━━ Records
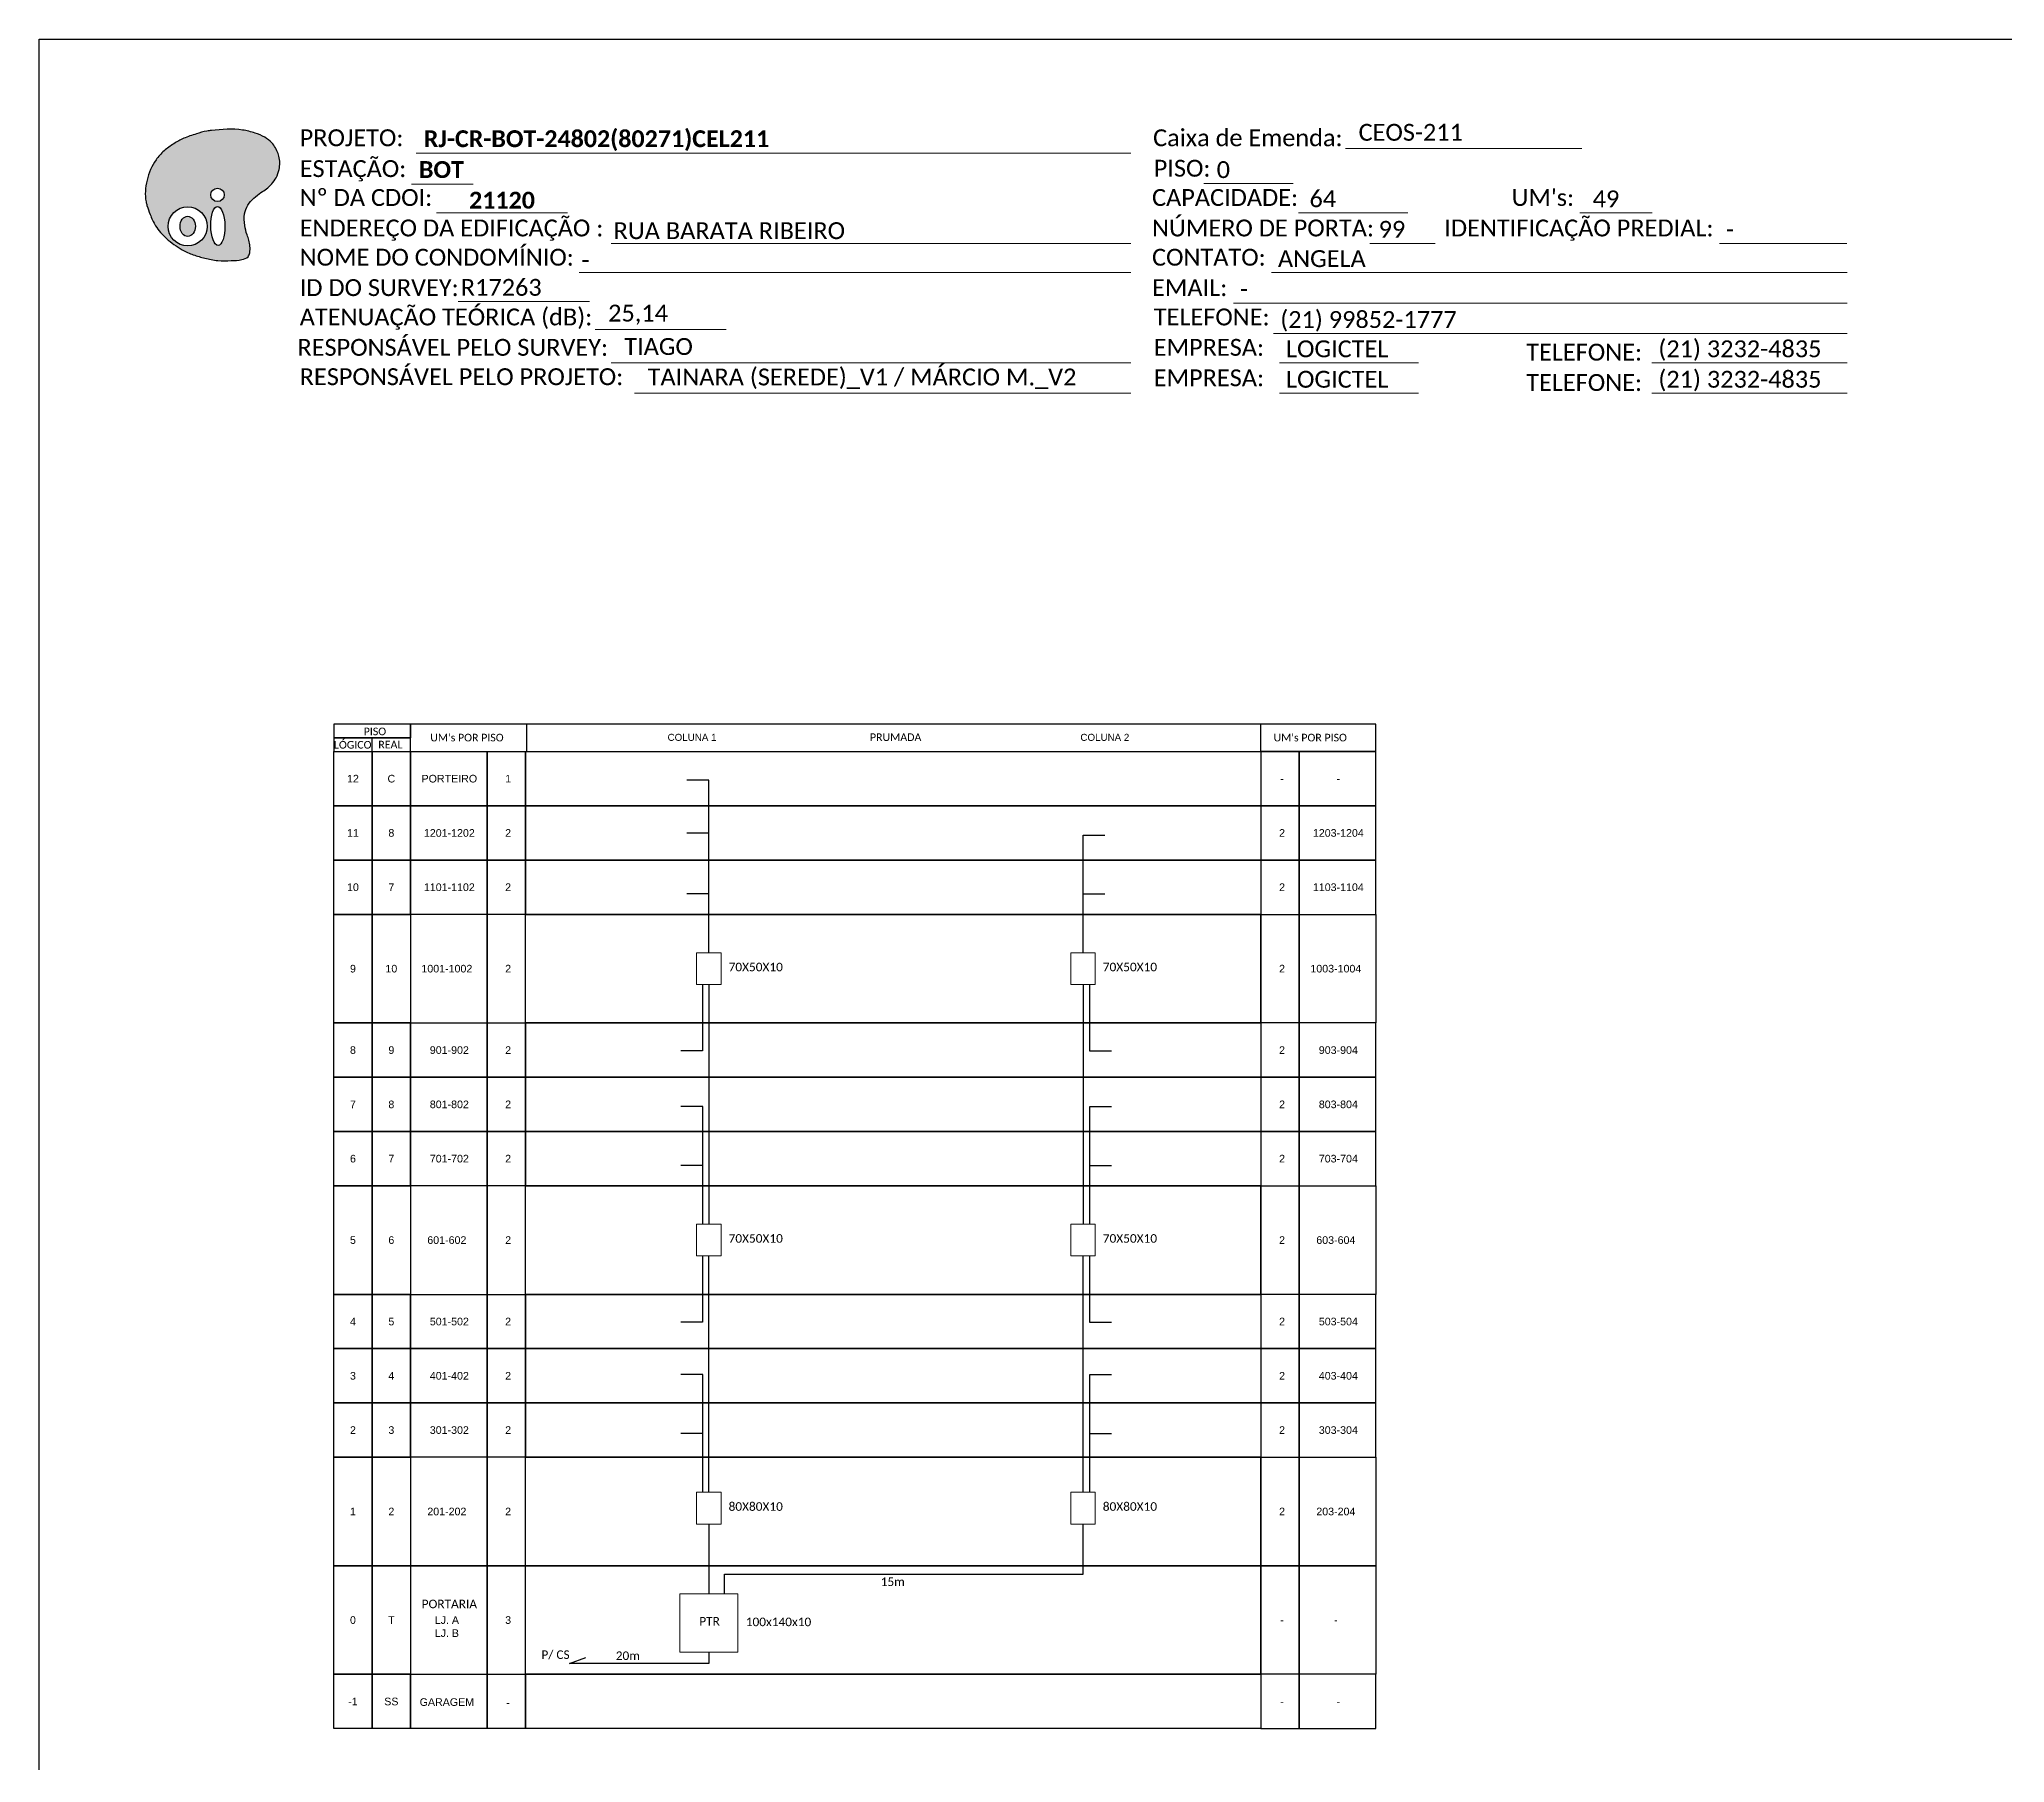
# Model space of a CAD drawing. Header units: metres. Extents: x 8172 to 8770, y -205 to 313.
# Drawn here: x 8171.8 to 8470.7, y 50.7 to 312.6 of the extents above; entities that cross this region are included whole.
import ezdxf
from ezdxf.enums import TextEntityAlignment as Align

# ---------------------------------------------------------------- set-up
doc = ezdxf.new("R2010")
doc.units = ezdxf.units.M
doc.styles.add('ARIAL', font='arial.ttf')
doc.styles.add('WMF-Calibri0', font='calibri.ttf')
doc.styles.add('WMF-Calibri1', font='calibrib.ttf')

# ---------------------------------------------------------------- blocks, each defined once
blk = doc.blocks.new('OI')
h = blk.add_hatch(color=40)
edge = h.paths.add_edge_path()
edge.add_spline(control_points=[(4.35, -0.67), (3.92, -0.99), (3.26, -1.5), (2.81, -2.59), (2.9, -3.5), (3.06, -4.27), (3.31, -4.85), (3.37, -5.39), (3.4, -5.88), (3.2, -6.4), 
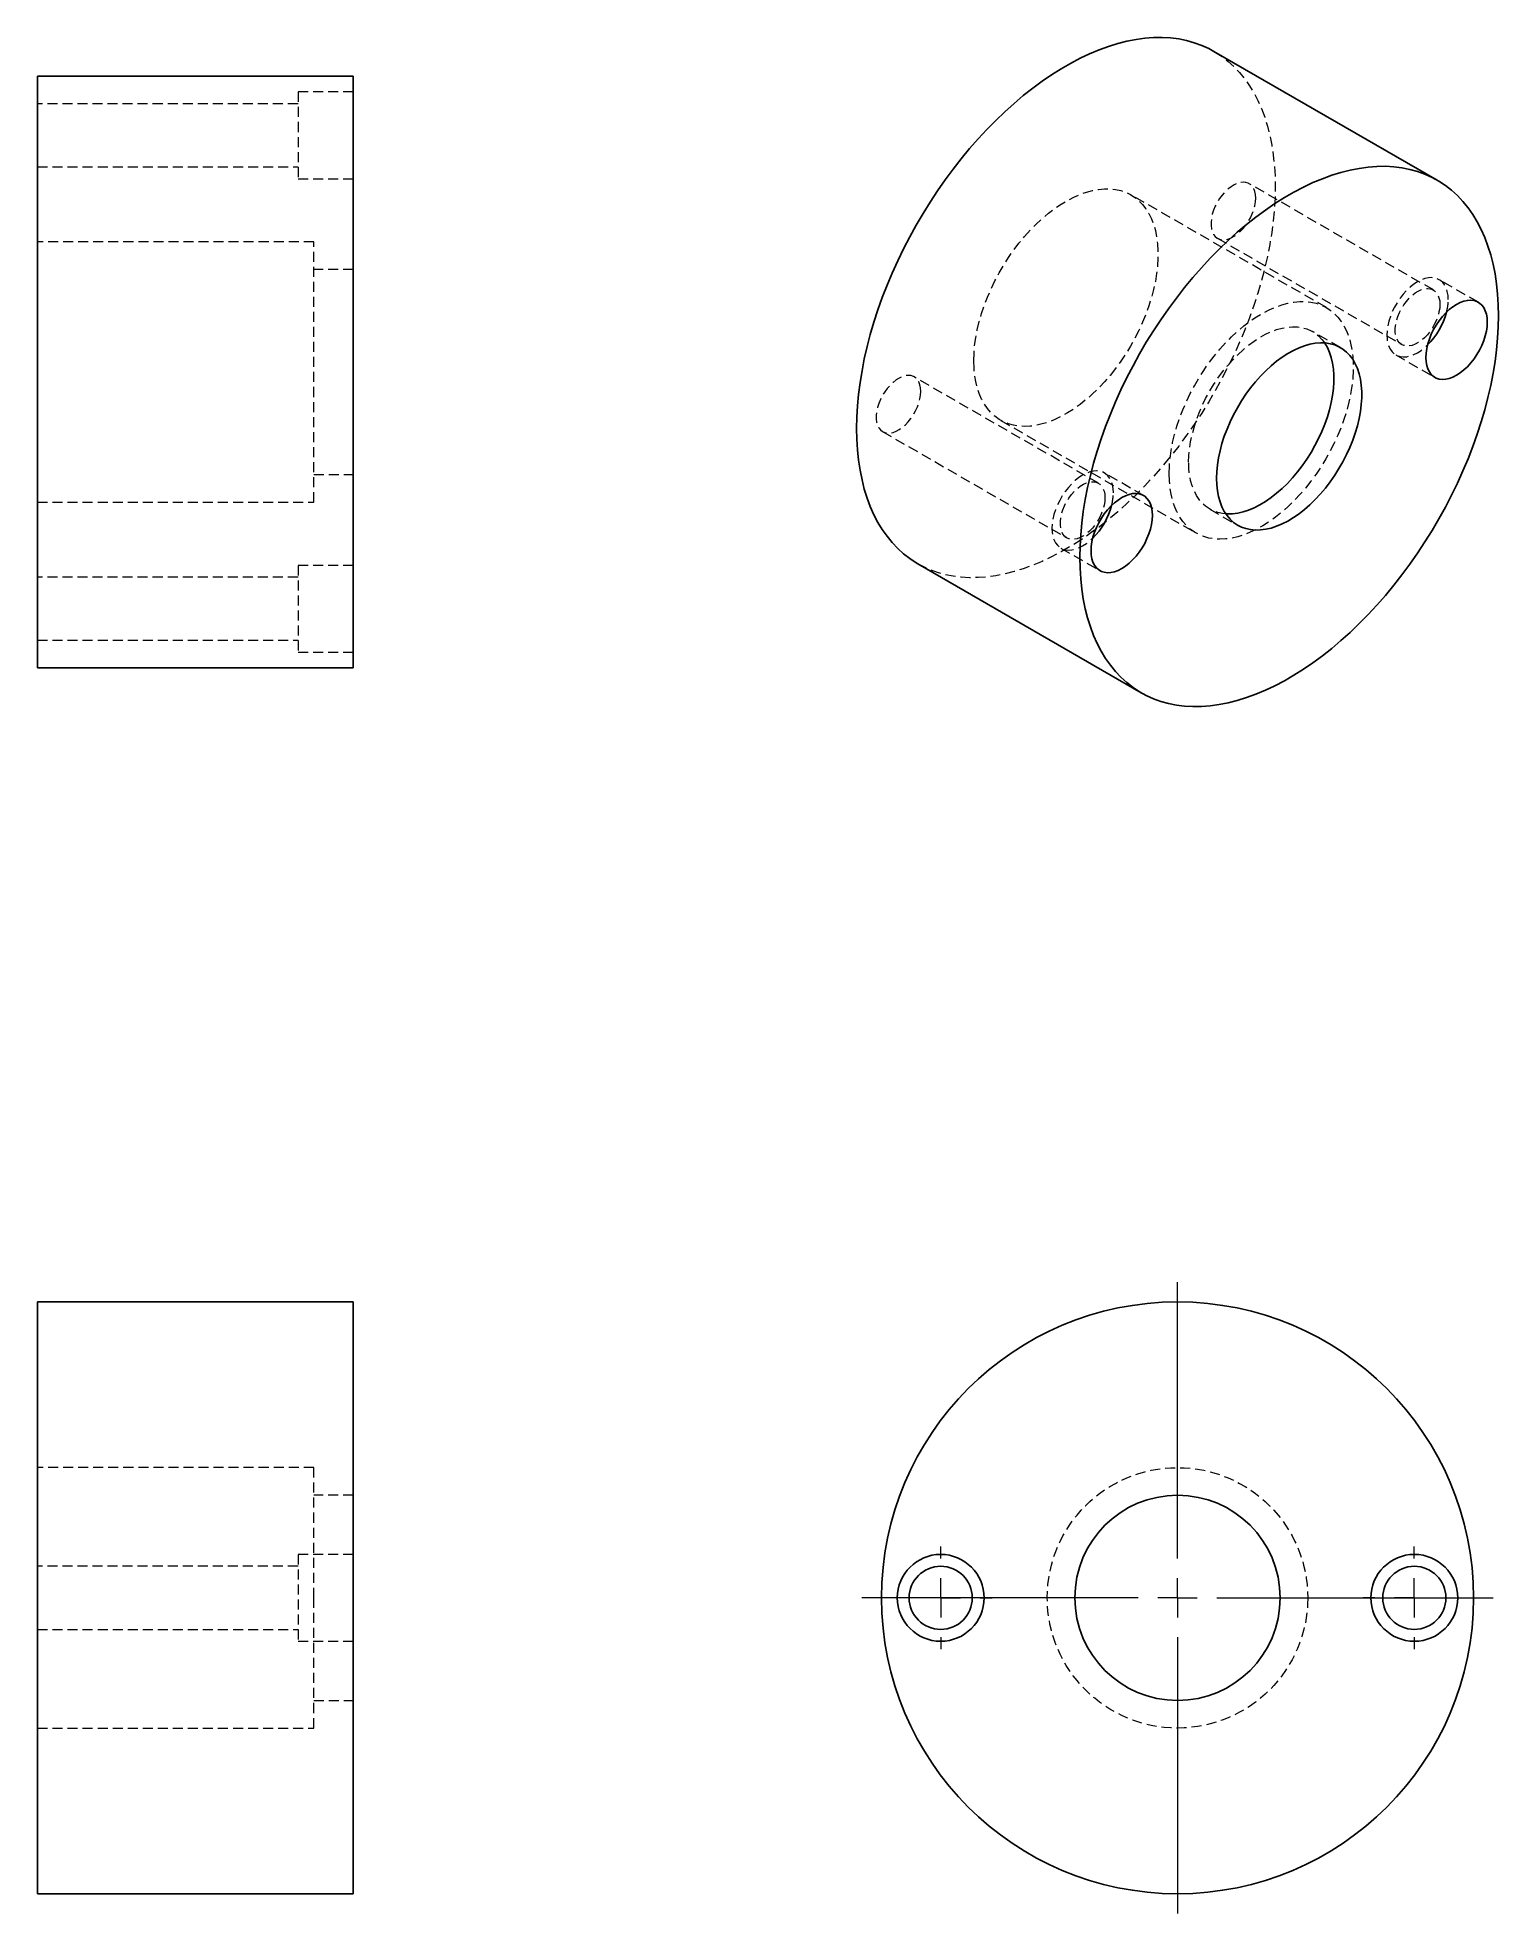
# Model space of a CAD drawing. Header units: millimetres. Extents: x 328 to 513, y 171 to 409.
import ezdxf

# ---------------------------------------------------------------- set-up
doc = ezdxf.new("R2010")
doc.units = ezdxf.units.MM
doc.linetypes.add('HIDDEN', pattern=[1.905, 1.27, -0.635])

# ---------------------------------------------------------------- blocks, each defined once
blk = doc.blocks.new('SW_CENTERMARKSYMBOL_0')
at = {"color": 0, "linetype": 'Continuous', "lineweight": 18}
for p, q in [((0, 5), (0, 6.5)), ((0, 0), (0, 2.5)), ((-5, 0), (-6.5, 0)), ((0, 0), (-2.5, 0)), ((0, 0), (0, -2.5)), ((0, 0), (2.5, 0)), ((5, 0), (6.5, 0)), ((0, -5), (0, -6.5))]:
    blk.add_line(p, q, dxfattribs=at)
blk = doc.blocks.new('SW_CENTERMARKSYMBOL_1')
at = {"color": 0, "linetype": 'Continuous', "lineweight": 18}
for p, q in [((0, 5), (0, 6.5)), ((0, 0), (0, 2.5)), ((-5, 0), (-6.5, 0)), ((0, 0), (-2.5, 0)), ((0, 0), (0, -2.5)), ((0, 0), (2.5, 0)), ((5, 0), (6.5, 0)), ((0, -5), (0, -6.5))]:
    blk.add_line(p, q, dxfattribs=at)
blk = doc.blocks.new('SW_CENTERMARKSYMBOL_2')
at = {"color": 0, "linetype": 'Continuous', "lineweight": 18}
for p, q in [((0, 5), (0, 40)), ((0, 0), (0, 2.5)), ((-5, 0), (-40, 0)), ((0, 0), (-2.5, 0)), ((0, 0), (0, -2.5)), ((0, 0), (2.5, 0)), ((5, 0), (40, 0)), ((0, -5), (0, -40))]:
    blk.add_line(p, q, dxfattribs=at)

msp = doc.modelspace()

# ---------------------------------------------------------------- linework, layer by layer
at = {"color": 7, "linetype": 'Continuous', "lineweight": 25}
for p, q in [((505.27, 390.69), (476.99, 407.02)), ((367.96, 403.88), (327.96, 403.88)), ((327.96, 328.88), (327.96, 403.88)), ((367.96, 328.88), (367.96, 403.88)), ((439.49, 342.07), (467.77, 325.74)), ((327.96, 328.88), (367.96, 328.88)), ((367.96, 248.53), (327.96, 248.53)), ((327.96, 211.03), (327.96, 248.53)), ((367.96, 211.03), (367.96, 248.53)), ((327.96, 173.53), (327.96, 211.03)), ((367.96, 173.53), (367.96, 211.03)), ((327.96, 173.53), (367.96, 173.53))]:
    msp.add_line(p, q, dxfattribs=at)
at = {"color": 7, "linetype": 'HIDDEN', "lineweight": 18}
for p, q in [((360.96, 401.88), (360.96, 390.88)), ((367.96, 401.88), (360.96, 401.88)), ((360.96, 400.38), (327.96, 400.38)), ((327.96, 392.38), (360.96, 392.38)), ((360.96, 390.88), (367.96, 390.88)), ((504.79, 376.78), (481.45, 390.25)), ((491.24, 374.55), (466.49, 388.83)), ((362.96, 382.88), (327.96, 382.88)), ((362.96, 349.88), (362.96, 382.88)), ((477.45, 383.33), (500.79, 369.86)), ((367.96, 379.38), (362.96, 379.38)), ((510.49, 375.23), (505.54, 378.08)), ((493.02, 369.47), (489.49, 371.52)), ((500.04, 368.56), (504.99, 365.7)), ((462.36, 352.29), (439.02, 365.76)), ((449.99, 360.25), (474.74, 345.97)), ((435.02, 358.83), (458.36, 345.36)), ((362.96, 353.38), (367.96, 353.38)), ((468.06, 350.73), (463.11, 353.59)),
━━━━
Assignment. Copy each entry exactly as written. Pictures do not belong in the copy.

Exercise solution.
# Model space of a CAD drawing. Header units: metres. Extents: x 8172 to 8770, y -205 to 313.
# Drawn here: x 8171.8 to 8470.7, y 50.7 to 312.6 of the extents above; entities that cross this region are included whole.
import ezdxf
from ezdxf.enums import TextEntityAlignment as Align

# ---------------------------------------------------------------- set-up
doc = ezdxf.new("R2010")
doc.units = ezdxf.units.M
doc.styles.add('ARIAL', font='arial.ttf')
doc.styles.add('WMF-Calibri0', font='calibri.ttf')
doc.styles.add('WMF-Calibri1', font='calibrib.ttf')

# ---------------------------------------------------------------- blocks, each defined once
blk = doc.blocks.new('OI')
h = blk.add_hatch(color=40)
edge = h.paths.add_edge_path()
edge.add_spline(control_points=[(4.35, -0.67), (3.92, -0.99), (3.26, -1.5), (2.81, -2.59), (2.9, -3.5), (3.06, -4.27), (3.31, -4.85), (3.37, -5.39), (3.4, -5.88), (3.2, -6.4), 
# Model space of a CAD drawing. Header units: millimetres. Extents: x 328 to 513, y 171 to 409.
import ezdxf

# ---------------------------------------------------------------- set-up
doc = ezdxf.new("R2010")
doc.units = ezdxf.units.MM
doc.linetypes.add('HIDDEN', pattern=[1.905, 1.27, -0.635])

# ---------------------------------------------------------------- blocks, each defined once
blk = doc.blocks.new('SW_CENTERMARKSYMBOL_0')
at = {"color": 0, "linetype": 'Continuous', "lineweight": 18}
for p, q in [((0, 5), (0, 6.5)), ((0, 0), (0, 2.5)), ((-5, 0), (-6.5, 0)), ((0, 0), (-2.5, 0)), ((0, 0), (0, -2.5)), ((0, 0), (2.5, 0)), ((5, 0), (6.5, 0)), ((0, -5), (0, -6.5))]:
    blk.add_line(p, q, dxfattribs=at)
blk = doc.blocks.new('SW_CENTERMARKSYMBOL_1')
at = {"color": 0, "linetype": 'Continuous', "lineweight": 18}
for p, q in [((0, 5), (0, 6.5)), ((0, 0), (0, 2.5)), ((-5, 0), (-6.5, 0)), ((0, 0), (-2.5, 0)), ((0, 0), (0, -2.5)), ((0, 0), (2.5, 0)), ((5, 0), (6.5, 0)), ((0, -5), (0, -6.5))]:
    blk.add_line(p, q, dxfattribs=at)
blk = doc.blocks.new('SW_CENTERMARKSYMBOL_2')
at = {"color": 0, "linetype": 'Continuous', "lineweight": 18}
for p, q in [((0, 5), (0, 40)), ((0, 0), (0, 2.5)), ((-5, 0), (-40, 0)), ((0, 0), (-2.5, 0)), ((0, 0), (0, -2.5)), ((0, 0), (2.5, 0)), ((5, 0), (40, 0)), ((0, -5), (0, -40))]:
    blk.add_line(p, q, dxfattribs=at)

msp = doc.modelspace()

# ---------------------------------------------------------------- linework, layer by layer
at = {"color": 7, "linetype": 'Continuous', "lineweight": 25}
for p, q in [((505.27, 390.69), (476.99, 407.02)), ((367.96, 403.88), (327.96, 403.88)), ((327.96, 328.88), (327.96, 403.88)), ((367.96, 328.88), (367.96, 403.88)), ((439.49, 342.07), (467.77, 325.74)), ((327.96, 328.88), (367.96, 328.88)), ((367.96, 248.53), (327.96, 248.53)), ((327.96, 211.03), (327.96, 248.53)), ((367.96, 211.03), (367.96, 248.53)), ((327.96, 173.53), (327.96, 211.03)), ((367.96, 173.53), (367.96, 211.03)), ((327.96, 173.53), (367.96, 173.53))]:
    msp.add_line(p, q, dxfattribs=at)
at = {"color": 7, "linetype": 'HIDDEN', "lineweight": 18}
for p, q in [((360.96, 401.88), (360.96, 390.88)), ((367.96, 401.88), (360.96, 401.88)), ((360.96, 400.38), (327.96, 400.38)), ((327.96, 392.38), (360.96, 392.38)), ((360.96, 390.88), (367.96, 390.88)), ((504.79, 376.78), (481.45, 390.25)), ((491.24, 374.55), (466.49, 388.83)), ((362.96, 382.88), (327.96, 382.88)), ((362.96, 349.88), (362.96, 382.88)), ((477.45, 383.33), (500.79, 369.86)), ((367.96, 379.38), (362.96, 379.38)), ((510.49, 375.23), (505.54, 378.08)), ((493.02, 369.47), (489.49, 371.52)), ((500.04, 368.56), (504.99, 365.7)), ((462.36, 352.29), (439.02, 365.76)), ((449.99, 360.25), (474.74, 345.97)), ((435.02, 358.83), (458.36, 345.36)), ((362.96, 353.38), (367.96, 353.38)), ((468.06, 350.73), (463.11, 353.59)),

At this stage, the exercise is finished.